Description:
create_pid_file() in sql/mysqld.cc does not check the return value of
my_write() when writing the process pid to the .pid file. So it ignores
all possible errors that might happen after a successfull my_create().
Especially if the pid file is to be written on a file system with no free
space left the my_create() may succeed (as there are still free inodes
and file slots in the target directory because these had already been
allocated before the file system filled up) but the my_write() fails
as no storage space can be allocated for the new file.
This leads to an empty pid file being written which confuses the
mysqld_safe and the init script. E.g. it is possible to start the server
a second time using mysqld_safe. The second server will later fail
and bail out when it tries to bind to the same socket but InnoDB
recovery happens before that. The customer ended up with two
servers trying to do tablespace recovery at the same time which
led to complete desaster (in 4.1 InnoDB protects itself against this
using file locks but not in 4.0 yet).
How to repeat:
Let --pid-file point to a filled up file system and start the server using mysqld_safe.

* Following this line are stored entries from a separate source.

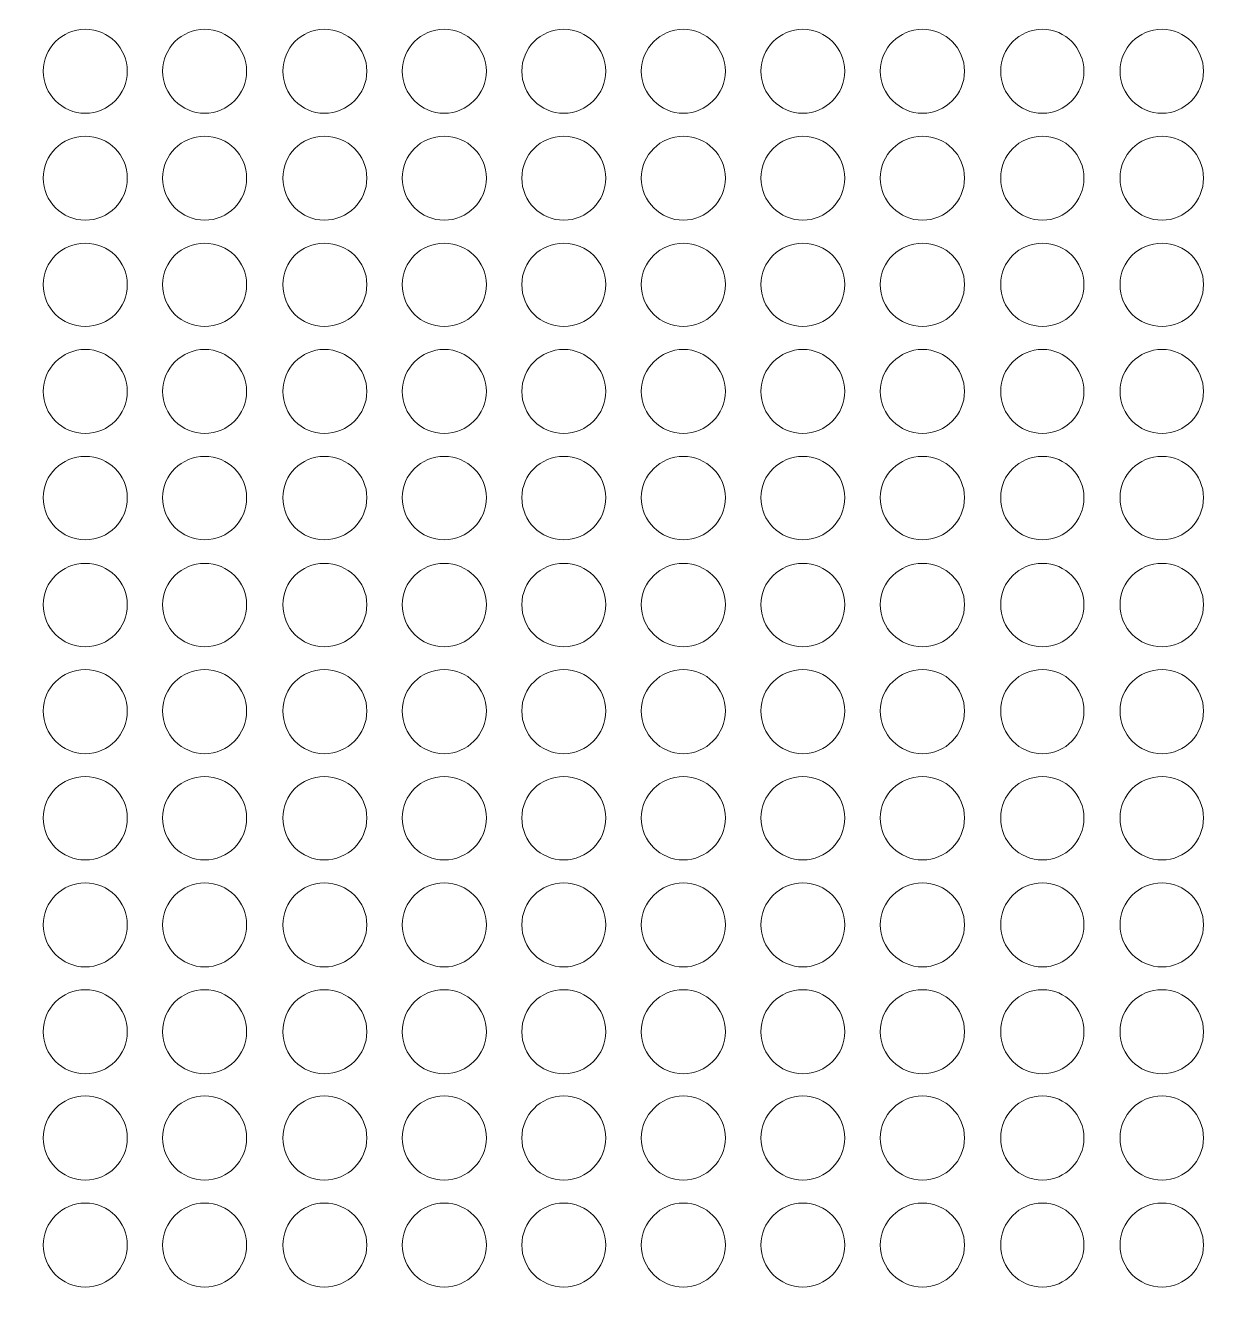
# Model space of a CAD drawing. Header units: inches. Extents: x 243 to 900, y -519 to -86.
# Drawn here: x 397.29 to 422.03, y -338.96 to -312.63 of the extents above; entities that cross this region are included whole.
import ezdxf

# ---------------------------------------------------------------- set-up
doc = ezdxf.new("R2010")
doc.units = ezdxf.units.IN
doc.header["$MEASUREMENT"] = 0
doc.layers.add('Layer 1', color=7, linetype='Continuous')

# ---------------------------------------------------------------- blocks, each defined once
blk = doc.blocks.new('block 3')
at = {"layer": 'Layer 1', "lineweight": 0}
blk.add_open_spline([(898.138, -484.267), (898.138, -494.991), (889.368, -503.763), (878.645, -503.763), (878.645, -503.763), (266.12, -503.763), (266.12, -503.763), (255.397, -503.763), (246.624, -494.991), (246.624, -484.267), (246.624, -484.267), (246.624, -108.507), (246.624, -108.507), (246.624, -97.783), (255.397, -89.011), (266.12, -89.011), (266.12, -89.011), (878.645, -89.011), (878.645, -89.011), (889.368, -89.011), (898.138, -97.783), (898.138, -108.507), (898.138, -108.507), (898.138, -484.267), (898.138, -484.267)], degree=3, knots=[0, 0, 0, 0, 1, 1, 1, 2, 2, 2, 3, 3, 3, 4, 4, 4, 5, 5, 5, 6, 6, 6, 7, 7, 7, 8, 8, 8, 8], dxfattribs=at)
blk = doc.blocks.new('block 2')
at = {"layer": 'Layer 1'}
blk.add_blockref('block 3', (0, 0), dxfattribs=at)
blk = doc.blocks.new('block 85')
at = {"layer": 'Layer 1', "lineweight": 0}
for points in [[(399.391, -313.579), (399.391, -314.052), (399.01, -314.448), (398.521, -314.448), (398.048, -314.448), (397.651, -314.052), (397.651, -313.579), (397.651, -313.105), (398.048, -312.71), (398.521, -312.71), (399.01, -312.71), (399.391, -313.105), (399.391, -313.579)], [(401.86, -313.579), (401.86, -314.052), (401.479, -314.448), (400.991, -314.448), (400.517, -314.448), (400.121, -314.052), (400.121, -313.579), (400.121, -313.105), (400.517, -312.71), (400.991, -312.71), (401.479, -312.71), (401.86, -313.105), (401.86, -313.579)], [(404.348, -313.579), (404.348, -314.052), (403.952, -314.448), (403.465, -314.448), (402.992, -314.448), (402.611, -314.052), (402.611, -313.579), (402.611, -313.105), (402.992, -312.71), (403.465, -312.71), (403.952, -312.71), (404.348, -313.105), (404.348, -313.579)], [(406.82, -313.579), (406.82, -314.052), (406.424, -314.448), (405.95, -314.448), (405.461, -314.448), (405.08, -314.052), (405.08, -313.579), (405.08, -313.105), (405.461, -312.71), (405.95, -312.71), (406.424, -312.71), (406.82, -313.105), (406.82, -313.579)], [(409.29, -313.579), (409.29, -314.052), (408.896, -314.448), (408.422, -314.448), (407.936, -314.448), (407.553, -314.052), (407.553, -313.579), (407.553, -313.105), (407.936, -312.71), (408.422, -312.71), (408.896, -312.71), (409.29, -313.105), (409.29, -313.579)], [(411.764, -313.579), (411.764, -314.052), (411.368, -314.448), (410.894, -314.448), (410.421, -314.448), (410.025, -314.052), (410.025, -313.579), (410.025, -313.105), (410.421, -312.71), (410.894, -312.71), (411.368, -312.71), (411.764, -313.105), (411.764, -313.579)], [(414.234, -313.579), (414.234, -314.052), (413.84, -314.448), (413.366, -314.448), (412.893, -314.448), (412.497, -314.052), (412.497, -313.579), (412.497, -313.105), (412.893, -312.71), (413.366, -312.71), (413.84, -312.71), (414.234, -313.105), (414.234, -313.579)], [(416.711, -313.579), (416.711, -314.052), (416.325, -314.448), (415.838, -314.448), (415.368, -314.448), (414.966, -314.052), (414.966, -313.579), (414.966, -313.105), (415.368, -312.71), (415.838, -312.71), (416.325, -312.71), (416.711, -313.105), (416.711, -313.579)], [(419.18, -313.579), (419.18, -314.052), (418.799, -314.448), (418.326, -314.448), (417.837, -314.448), (417.459, -314.052), (417.459, -313.579), (417.459, -313.105), (417.837, -312.71), (418.326, -312.71), (418.799, -312.71), (419.18, -313.105), (419.18, -313.579)], [(421.655, -313.579), (421.655, -314.052), (421.269, -314.448), (420.798, -314.448), (420.312, -314.448), (419.928, -314.052), (419.928, -313.579), (419.928, -313.105), (420.312, -312.71), (420.798, -312.71), (421.269, -312.71), (421.655, -313.105), (421.655, -313.579)]]:
    blk.add_open_spline(points, degree=3, knots=[0, 0, 0, 0, 1, 1, 1, 2, 2, 2, 3, 3, 3, 4, 4, 4, 4], dxfattribs=at)
blk = doc.blocks.new('block 86')
at = {"layer": 'Layer 1', "lineweight": 0}
for points in [[(399.391, -315.793), (399.391, -316.263), (399.01, -316.66), (398.521, -316.66), (398.048, -316.66), (397.651, -316.263), (397.651, -315.793), (397.651, -315.305), (398.048, -314.922), (398.521, -314.922), (399.01, -314.922), (399.391, -315.305), (399.391, -315.793)], [(401.86, -315.793), (401.86, -316.263), (401.479, -316.66), (400.991, -316.66), (400.517, -316.66), (400.121, -316.263), (400.121, -315.793), (400.121, -315.305), (400.517, -314.922), (400.991, -314.922), (401.479, -314.922), (401.86, -315.305), (401.86, -315.793)], [(404.348, -315.793), (404.348, -316.263), (403.952, -316.66), (403.465, -316.66), (402.992, -316.66), (402.611, -316.263), (402.611, -315.793), (402.611, -315.305), (402.992, -314.922), (403.465, -314.922), (403.952, -314.922), (404.348, -315.305), (404.348, -315.793)], [(406.82, -315.793), (406.82, -316.263), (406.424, -316.66), (405.95, -316.66), (405.461, -316.66), (405.08, -316.263), (405.08, -315.793), (405.08, -315.305), (405.461, -314.922), (405.95, -314.922), (406.424, -314.922), (406.82, -315.305), (406.82, -315.793)], [(409.29, -315.793), (409.29, -316.263), (408.896, -316.66), (408.422, -316.66), (407.936, -316.66), (407.553, -316.263), (407.553, -315.793), (407.553, -315.305), (407.936, -314.922), (408.422, -314.922), (408.896, -314.922), (409.29, -315.305), (409.29, -315.793)], [(411.764, -315.793), (411.764, -316.263), (411.368, -316.66), (410.894, -316.66), (410.421, -316.66), (410.025, -316.263), (410.025, -315.793), (410.025, -315.305), (410.421, -314.922), (410.894, -314.922), (411.368, -314.922), (411.764, -315.305), (411.764, -315.793)], [(414.234, -315.793), (414.234, -316.263), (413.84, -316.66), (413.366, -316.66), (412.893, -316.66), (412.497, -316.263), (412.497, -315.793), (412.497, -315.305), (412.893, -314.922), (413.366, -314.922), (413.84, -314.922), (414.234, -315.305), (414.234, -315.793)], [(416.711, -315.793), (416.711, -316.263), (416.325, -316.66), (415.838, -316.66), (415.368, -316.66), (414.966, -316.263), (414.966, -315.793), (414.966, -315.305), (415.368, -314.922), (415.838, -314.922), (416.325, -314.922), (416.711, -315.305), (416.711, -315.793)], [(419.18, -315.793), (419.18, -316.263), (418.799, -316.66), (418.326, -316.66), (417.837, -316.66), (417.459, -316.263), (417.459, -315.793), (417.459, -315.305), (417.837, -314.922), (418.326, -314.922), (418.799, -314.922), (419.18, -315.305), (419.18, -315.793)], [(421.655, -315.793), (421.655, -316.263), (421.269, -316.66), (420.798, -316.66), (420.312, -316.66), (419.928, -316.263), (419.928, -315.793), (419.928, -315.305), (420.312, -314.922), (420.798, -314.922), (421.269, -314.922), (421.655, -315.305), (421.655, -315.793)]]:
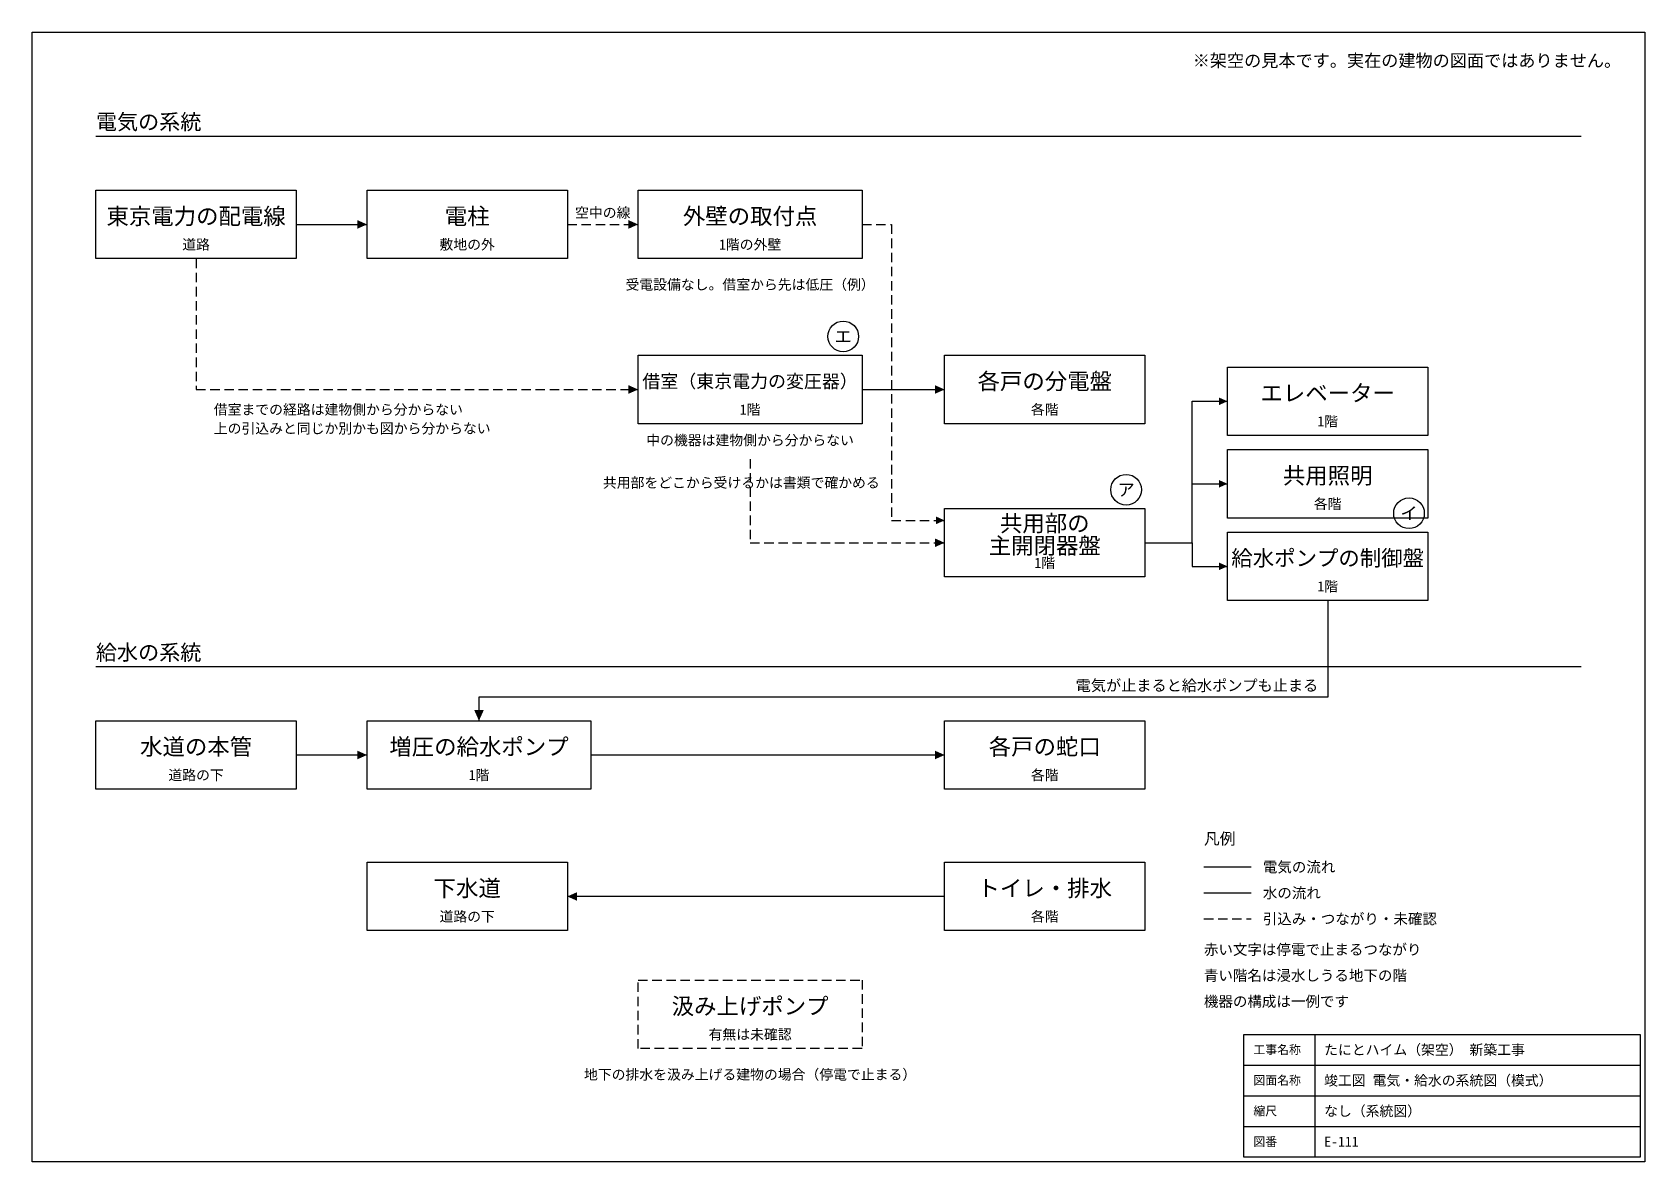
# Model space of a CAD drawing. Header units: millimetres. Extents: x 800 to 69200, y -48700 to -800.
import ezdxf
from ezdxf.enums import TextEntityAlignment as Align

# ---------------------------------------------------------------- set-up
doc = ezdxf.new("R2010")
doc.units = ezdxf.units.MM
doc.linetypes.add('DASHED', pattern=[600, 400, -200])
for name, color, linetype in [('図枠', 7, 'CONTINUOUS'), ('寸法', 5, 'CONTINUOUS'), ('引込', 5, 'DASHED'), ('文字', 7, 'CONTINUOUS'), ('水の入り道', 4, 'CONTINUOUS')]:
    doc.layers.add(name, color=color, linetype=linetype)
doc.styles.add('JP', font='msgothic.ttc')

msp = doc.modelspace()

# ---------------------------------------------------------------- linework, layer by layer
at = {"layer": '図枠'}
for p, q in [((3500, -5200), (66500, -5200)), ((12000, -8950), (15000, -8950)), ((14950, -8950), (15000, -8950)), ((36000, -15950), (39500, -15950)), ((39450, -15950), (39500, -15950)), ((50000, -22450), (50000, -16450)), ((50000, -16450), (51500, -16450)), ((50000, -22450), (50000, -19950)), ((50000, -19950), (51500, -19950)), ((48000, -22450), (50000, -22450)), ((50000, -22450), (50000, -23450)), ((50000, -23450), (51500, -23450)), ((55750, -24900), (55750, -29000)), ((55750, -29000), (19750, -29000)), ((19750, -29000), (19750, -30000)), ((50500, -36200), (52500, -36200)), ((55200, -43300), (55200, -48500)), ((52200, -44600), (69000, -44600)), ((52200, -45900), (69000, -45900)), ((52200, -47200), (69000, -47200))]:
    msp.add_line(p, q, dxfattribs=at)
for points in [[(800, -800), (69200, -800), (69200, -48700), (800, -48700)], [(3500, -7500), (12000, -7500), (12000, -10400), (3500, -10400)], [(15000, -7500), (23500, -7500), (23500, -10400), (15000, -10400)], [(26500, -7500), (36000, -7500), (36000, -10400), (26500, -10400)], [(26500, -14500), (36000, -14500), (36000, -17400), (26500, -17400)], [(39500, -14500), (48000, -14500), (48000, -17400), (39500, -17400)], [(51500, -15000), (60000, -15000), (60000, -17900), (51500, -17900)], [(51500, -18500), (60000, -18500), (60000, -21400), (51500, -21400)], [(39500, -21000), (48000, -21000), (48000, -23900), (39500, -23900)], [(51500, -22000), (60000, -22000), (60000, -24900), (51500, -24900)], [(3500, -30000), (12000, -30000), (12000, -32900), (3500, -32900)], [(15000, -30000), (24500, -30000), (24500, -32900), (15000, -32900)], [(39500, -30000), (48000, -30000), (48000, -32900), (39500, -32900)], [(15000, -36000), (23500, -36000), (23500, -38900), (15000, -38900)], [(39500, -36000), (48000, -36000), (48000, -38900), (39500, -38900)], [(52200, -43300), (69000, -43300), (69000, -48500), (52200, -48500)]]:
    msp.add_lwpolyline(points, close=True, dxfattribs=at)
for centre in [(35200, -13700), (47200, -20200), (59200, -21200)]:
    msp.add_circle(centre, 650, dxfattribs=at)
for points in [[(15000, -8950), (14589.11, -9133.49), (14589.11, -8766.51)], [(39500, -15950), (39089.11, -16133.49), (39089.11, -15766.51)], [(51500, -16450), (51134.76, -16613.1), (51134.76, -16286.9)], [(51500, -19950), (51134.76, -20113.1), (51134.76, -19786.9)], [(51500, -23450), (51134.76, -23613.1), (51134.76, -23286.9)], [(19750, -30000), (19546.12, -29543.46), (19953.88, -29543.46)]]:
    msp.add_solid(points, dxfattribs=at)
at = {"layer": '引込'}
for p, q in [((23500, -8950), (26500, -8950)), ((26450, -8950), (26500, -8950)), ((36000, -8950), (37250, -8950)), ((37250, -8950), (37250, -21500)), ((7750, -10400), (7750, -15950)), ((7750, -15950), (26500, -15950)), ((31250, -18900), (31250, -22450)), ((37250, -21500), (39500, -21500)), ((31250, -22450), (39500, -22450)), ((50500, -38400), (52500, -38400))]:
    msp.add_line(p, q, dxfattribs=at)
msp.add_lwpolyline([(26500, -41000), (36000, -41000), (36000, -43900), (26500, -43900)], close=True, dxfattribs=at)
for points in [[(26500, -8950), (26089.11, -9133.49), (26089.11, -8766.51)], [(26500, -15950), (26089.11, -16133.49), (26089.11, -15766.51)], [(39500, -21500), (39134.76, -21663.1), (39134.76, -21336.9)], [(39500, -22450), (39089.11, -22633.49), (39089.11, -22266.51)]]:
    msp.add_solid(points, dxfattribs=at)
at = {"layer": '水の入り道'}
for p, q in [((3500, -27700), (66500, -27700)), ((12000, -31450), (15000, -31450)), ((14950, -31450), (15000, -31450)), ((24500, -31450), (39500, -31450)), ((39450, -31450), (39500, -31450)), ((39500, -37450), (23500, -37450)), ((50500, -37300), (52500, -37300))]:
    msp.add_line(p, q, dxfattribs=at)
for points in [[(15000, -31450), (14589.11, -31633.49), (14589.11, -31266.51)], [(39500, -31450), (39089.11, -31633.49), (39089.11, -31266.51)], [(23500, -37450), (23910.89, -37266.51), (23910.89, -37633.49)]]:
    msp.add_solid(points, dxfattribs=at)

# ---------------------------------------------------------------- texts
at = {"layer": '寸法', "style": 'JP'}
for s, p in [('空中の線', (25000, -8450)), ('受電設備なし。借室から先は低圧（例）', (31250, -11500)), ('中の機器は建物側から分からない', (31250, -18100)), ('地下の排水を汲み上げる建物の場合（停電で止まる）', (31250, -45000))]:
    msp.add_text(s, height=430.5, dxfattribs=at).set_placement(p, align=Align.MIDDLE_CENTER)
for s, p in [('借室までの経路は建物側から分からない', (8500, -16800)), ('上の引込みと同じか別かも図から分からない', (8500, -17600))]:
    msp.add_text(s, height=430.5, dxfattribs=at).set_placement(p, align=Align.MIDDLE_LEFT)
msp.add_text('共用部をどこから受けるかは書類で確かめる', height=430.5, dxfattribs=at).set_placement((36750, -19900), align=Align.MIDDLE_RIGHT)
at = {"layer": '文字', "style": 'JP'}
for s, height, p in [('※架空の見本です。実在の建物の図面ではありません。', 533, (68200, -2000)), ('電気が止まると給水ポンプも止まる', 471.5, (55350, -28500))]:
    msp.add_text(s, height=height, dxfattribs=at).set_placement(p, align=Align.MIDDLE_RIGHT)
for s, height, p in [('電気の系統', 656, (3500, -4600)), ('給水の系統', 656, (3500, -27100)), ('凡例', 492, (50500, -35000)), ('電気の流れ', 451, (53000, -36200)), ('水の流れ', 451, (53000, -37300)), ('引込み・つながり・未確認', 451, (53000, -38400)), ('赤い文字は停電で止まるつながり', 451, (50500, -39700)), ('青い階名は浸水しうる地下の階', 451, (50500, -40800)), ('機器の構成は一例です', 451, (50500, -41900)), ('工事名称', 369, (52600, -43950)), ('たにとハイム（架空） 新築工事', 430.5, (55600, -43950)), ('図面名称', 369, (52600, -45250)), ('竣工図 電気・給水の系統図（模式）', 430.5, (55600, -45250)), ('縮尺', 369, (52600, -46550)), ('なし（系統図）', 430.5, (55600, -46550)), ('図番', 369, (52600, -47850)), ('E-111', 430.5, (55600, -47850))]:
    msp.add_text(s, height=height, dxfattribs=at).set_placement(p, align=Align.MIDDLE_LEFT)
for s, height, p in [('東京電力の配電線', 697, (7750, -8600)), ('電柱', 697, (19250, -8600)), ('外壁の取付点', 697, (31250, -8600)), ('道路', 430.5, (7750, -9800)), ('敷地の外', 430.5, (19250, -9800)), ('1階の外壁', 430.5, (31250, -9800)), ('エ', 533, (35200, -13700)), ('借室（東京電力の変圧器）', 558.3, (31250, -15600)), ('各戸の分電盤', 697, (43750, -15600)), ('エレベーター', 697, (55750, -16100)), ('1階', 430.5, (31250, -16800)), ('各階', 430.5, (43750, -16800)), ('1階', 430.5, (55750, -17300)), ('共用照明', 697, (55750, -19600)), ('ア', 533, (47200, -20200)), ('各階', 430.5, (55750, -20800)), ('共用部の', 697, (43750, -21625)), ('イ', 533, (59200, -21200)), ('主開閉器盤', 697, (43750, -22575)), ('1階', 430.5, (43750, -23300)), ('給水ポンプの制御盤', 666, (55750, -23100)), ('1階', 430.5, (55750, -24300)), ('水道の本管', 697, (7750, -31100)), ('増圧の給水ポンプ', 697, (19750, -31100)), ('各戸の蛇口', 697, (43750, -31100)), ('道路の下', 430.5, (7750, -32300)), ('1階', 430.5, (19750, -32300)), ('各階', 430.5, (43750, -32300)), ('下水道', 697, (19250, -37100)), ('トイレ・排水', 697, (43750, -37100)), ('道路の下', 430.5, (19250, -38300)), ('各階', 430.5, (43750, -38300)), ('汲み上げポンプ', 697, (31250, -42100)), ('有無は未確認', 430.5, (31250, -43300))]:
    msp.add_text(s, height=height, dxfattribs=at).set_placement(p, align=Align.MIDDLE_CENTER)

doc.saveas('drawing.dxf')

The pid file will be created empty and it is possible to start the server using mysqld_safe a second time.
Suggested fix:
Check number of bytes written returned by my_write() in create_pid_file() (which is in sql/mysqld.cc) and at least give a meaningfull error message. Or maybe just pass the right flags to my_write() to make it complain.
Or maybe the server should even bail out if either my_create() or my_write() fails
as the mysqld_safe and the init script heavily rely on this file being correctly written?
The scripts can be extended to be aware of empty pid files and to try to check/kill
all running mysqld processes in this case as a workaround (i have patches for that
on the other laptop, will add them later) but this will not play nice if multiple independant
servers are running on the same machine.